Line by line, retype the material below exactly, from its first line up to and including the one holding "line L8 (154, 94) -> (154, -94)".

■ ■ ■ ■ ■ ■ ■

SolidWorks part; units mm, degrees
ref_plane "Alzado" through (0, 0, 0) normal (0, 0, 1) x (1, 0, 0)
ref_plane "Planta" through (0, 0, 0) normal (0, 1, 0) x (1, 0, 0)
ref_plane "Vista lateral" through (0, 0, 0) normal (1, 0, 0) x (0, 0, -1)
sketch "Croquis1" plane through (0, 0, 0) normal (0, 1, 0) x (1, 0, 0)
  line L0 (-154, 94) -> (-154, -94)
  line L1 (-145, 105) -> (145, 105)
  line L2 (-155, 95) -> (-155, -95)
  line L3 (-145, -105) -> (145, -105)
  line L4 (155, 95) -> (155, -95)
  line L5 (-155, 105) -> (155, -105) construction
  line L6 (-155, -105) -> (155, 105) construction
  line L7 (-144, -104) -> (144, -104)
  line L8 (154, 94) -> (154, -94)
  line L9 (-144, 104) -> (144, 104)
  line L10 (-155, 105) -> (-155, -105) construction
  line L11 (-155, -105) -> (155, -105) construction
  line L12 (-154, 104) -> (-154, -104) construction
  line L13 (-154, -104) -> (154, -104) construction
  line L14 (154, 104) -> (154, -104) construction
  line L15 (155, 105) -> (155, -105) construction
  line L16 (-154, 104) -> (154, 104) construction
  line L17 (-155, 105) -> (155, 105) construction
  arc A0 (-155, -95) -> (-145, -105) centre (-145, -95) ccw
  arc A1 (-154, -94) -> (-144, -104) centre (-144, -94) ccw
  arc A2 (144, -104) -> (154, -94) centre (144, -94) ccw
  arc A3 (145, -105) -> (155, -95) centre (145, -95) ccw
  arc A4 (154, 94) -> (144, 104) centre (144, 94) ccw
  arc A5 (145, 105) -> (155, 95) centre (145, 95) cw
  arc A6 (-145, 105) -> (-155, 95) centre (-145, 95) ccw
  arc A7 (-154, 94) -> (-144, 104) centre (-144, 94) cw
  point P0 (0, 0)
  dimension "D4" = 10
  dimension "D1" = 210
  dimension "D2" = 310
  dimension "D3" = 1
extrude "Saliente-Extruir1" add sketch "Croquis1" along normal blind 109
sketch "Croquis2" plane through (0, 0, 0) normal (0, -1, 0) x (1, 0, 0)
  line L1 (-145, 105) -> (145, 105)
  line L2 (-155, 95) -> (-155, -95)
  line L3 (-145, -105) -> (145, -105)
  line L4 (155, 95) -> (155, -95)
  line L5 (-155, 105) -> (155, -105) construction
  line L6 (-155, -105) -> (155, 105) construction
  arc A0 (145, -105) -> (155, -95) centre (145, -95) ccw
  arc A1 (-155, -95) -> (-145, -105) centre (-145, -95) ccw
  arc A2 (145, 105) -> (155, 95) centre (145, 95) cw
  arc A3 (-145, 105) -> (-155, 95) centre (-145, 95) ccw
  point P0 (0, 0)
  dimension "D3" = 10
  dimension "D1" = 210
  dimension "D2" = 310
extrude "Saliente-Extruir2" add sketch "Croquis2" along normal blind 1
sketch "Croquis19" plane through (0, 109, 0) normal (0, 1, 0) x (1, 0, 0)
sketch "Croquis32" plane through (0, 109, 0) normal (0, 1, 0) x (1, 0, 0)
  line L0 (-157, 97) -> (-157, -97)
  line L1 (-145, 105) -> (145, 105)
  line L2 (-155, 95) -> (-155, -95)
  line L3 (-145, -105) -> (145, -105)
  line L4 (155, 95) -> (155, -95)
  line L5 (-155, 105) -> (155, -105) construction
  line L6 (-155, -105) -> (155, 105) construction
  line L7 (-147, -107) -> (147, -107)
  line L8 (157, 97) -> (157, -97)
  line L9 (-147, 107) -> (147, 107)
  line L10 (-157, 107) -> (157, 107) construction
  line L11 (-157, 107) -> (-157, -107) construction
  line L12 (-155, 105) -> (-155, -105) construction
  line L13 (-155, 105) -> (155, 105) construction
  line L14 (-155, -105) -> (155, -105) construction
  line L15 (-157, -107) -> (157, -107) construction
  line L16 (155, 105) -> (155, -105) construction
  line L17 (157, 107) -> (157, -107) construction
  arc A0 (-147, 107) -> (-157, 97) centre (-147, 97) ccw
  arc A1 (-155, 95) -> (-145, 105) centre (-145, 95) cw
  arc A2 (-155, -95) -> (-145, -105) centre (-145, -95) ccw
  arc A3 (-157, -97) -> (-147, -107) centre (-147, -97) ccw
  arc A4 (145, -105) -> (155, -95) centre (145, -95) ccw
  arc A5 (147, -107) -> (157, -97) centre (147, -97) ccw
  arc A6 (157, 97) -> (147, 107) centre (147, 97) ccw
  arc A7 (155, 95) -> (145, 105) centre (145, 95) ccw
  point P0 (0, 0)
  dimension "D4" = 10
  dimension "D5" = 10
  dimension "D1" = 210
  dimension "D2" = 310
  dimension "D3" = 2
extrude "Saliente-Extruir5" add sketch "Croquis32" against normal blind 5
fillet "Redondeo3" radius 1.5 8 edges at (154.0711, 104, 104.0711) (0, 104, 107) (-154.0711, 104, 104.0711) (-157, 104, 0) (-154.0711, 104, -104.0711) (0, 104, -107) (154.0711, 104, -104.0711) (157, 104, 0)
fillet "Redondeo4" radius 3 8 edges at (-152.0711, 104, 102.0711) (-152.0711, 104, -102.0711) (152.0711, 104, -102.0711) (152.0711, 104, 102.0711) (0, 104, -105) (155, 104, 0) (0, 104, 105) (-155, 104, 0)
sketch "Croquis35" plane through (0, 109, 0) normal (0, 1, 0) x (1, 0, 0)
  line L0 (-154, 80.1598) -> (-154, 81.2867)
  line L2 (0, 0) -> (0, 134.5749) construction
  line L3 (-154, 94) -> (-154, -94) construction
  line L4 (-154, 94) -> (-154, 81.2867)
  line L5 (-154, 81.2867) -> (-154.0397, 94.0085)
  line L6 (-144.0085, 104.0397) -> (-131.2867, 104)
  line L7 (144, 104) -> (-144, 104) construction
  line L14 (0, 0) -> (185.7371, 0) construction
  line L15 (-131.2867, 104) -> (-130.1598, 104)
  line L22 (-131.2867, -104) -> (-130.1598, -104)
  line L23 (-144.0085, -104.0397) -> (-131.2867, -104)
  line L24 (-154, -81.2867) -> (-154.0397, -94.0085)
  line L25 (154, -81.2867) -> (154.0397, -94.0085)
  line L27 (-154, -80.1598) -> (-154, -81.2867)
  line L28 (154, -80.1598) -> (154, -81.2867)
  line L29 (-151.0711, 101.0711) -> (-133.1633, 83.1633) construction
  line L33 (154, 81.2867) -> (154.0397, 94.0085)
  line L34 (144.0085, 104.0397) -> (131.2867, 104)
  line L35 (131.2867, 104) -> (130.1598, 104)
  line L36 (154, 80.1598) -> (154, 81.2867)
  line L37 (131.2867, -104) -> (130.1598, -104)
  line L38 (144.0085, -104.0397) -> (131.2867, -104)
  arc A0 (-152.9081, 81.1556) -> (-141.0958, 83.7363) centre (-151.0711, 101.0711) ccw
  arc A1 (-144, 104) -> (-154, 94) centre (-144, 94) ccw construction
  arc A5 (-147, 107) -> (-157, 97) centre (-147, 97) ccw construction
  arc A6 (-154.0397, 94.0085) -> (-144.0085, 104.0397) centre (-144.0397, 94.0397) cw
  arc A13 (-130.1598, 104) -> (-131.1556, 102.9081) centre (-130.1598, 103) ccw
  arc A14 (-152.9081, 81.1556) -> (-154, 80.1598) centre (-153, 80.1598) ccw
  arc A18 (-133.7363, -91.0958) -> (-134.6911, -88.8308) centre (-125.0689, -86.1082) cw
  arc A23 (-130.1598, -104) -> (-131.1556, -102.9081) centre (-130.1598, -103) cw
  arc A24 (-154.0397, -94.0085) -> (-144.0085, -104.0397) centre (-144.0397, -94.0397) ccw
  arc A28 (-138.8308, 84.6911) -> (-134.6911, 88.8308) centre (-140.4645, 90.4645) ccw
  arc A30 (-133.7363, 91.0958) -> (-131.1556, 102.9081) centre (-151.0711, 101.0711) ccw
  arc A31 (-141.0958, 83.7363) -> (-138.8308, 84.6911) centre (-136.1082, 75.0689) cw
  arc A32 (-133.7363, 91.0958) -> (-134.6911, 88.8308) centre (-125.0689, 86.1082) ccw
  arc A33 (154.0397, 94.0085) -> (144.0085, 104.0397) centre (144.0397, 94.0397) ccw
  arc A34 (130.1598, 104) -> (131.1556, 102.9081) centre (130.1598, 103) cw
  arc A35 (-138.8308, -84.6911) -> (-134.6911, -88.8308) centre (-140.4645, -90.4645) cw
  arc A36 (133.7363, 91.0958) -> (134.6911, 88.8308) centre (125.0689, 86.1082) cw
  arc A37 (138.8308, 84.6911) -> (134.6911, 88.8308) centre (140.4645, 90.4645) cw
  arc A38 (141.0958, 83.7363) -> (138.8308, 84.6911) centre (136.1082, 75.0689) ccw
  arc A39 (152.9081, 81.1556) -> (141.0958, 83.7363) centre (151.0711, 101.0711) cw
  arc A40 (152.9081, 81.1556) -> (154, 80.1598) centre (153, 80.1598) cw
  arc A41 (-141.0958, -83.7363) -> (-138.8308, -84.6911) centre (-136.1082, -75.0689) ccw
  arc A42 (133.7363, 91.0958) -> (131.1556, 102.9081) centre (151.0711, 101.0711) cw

■ ■ ■ ■ ■ ■ ■

• _THE COMPLETED TASK_
SolidWorks part; units mm, degrees
ref_plane "Alzado" through (0, 0, 0) normal (0, 0, 1) x (1, 0, 0)
ref_plane "Planta" through (0, 0, 0) normal (0, 1, 0) x (1, 0, 0)
ref_plane "Vista lateral" through (0, 0, 0) normal (1, 0, 0) x (0, 0, -1)
sketch "Croquis1" plane through (0, 0, 0) normal (0, 1, 0) x (1, 0, 0)
  line L0 (-154, 94) -> (-154, -94)
  line L1 (-145, 105) -> (145, 105)
  line L2 (-155, 95) -> (-155, -95)
  line L3 (-145, -105) -> (145, -105)
  line L4 (155, 95) -> (155, -95)
  line L5 (-155, 105) -> (155, -105) construction
  line L6 (-155, -105) -> (155, 105) construction
  line L7 (-144, -104) -> (144, -104)
  line L8 (154, 94) -> (154, -94)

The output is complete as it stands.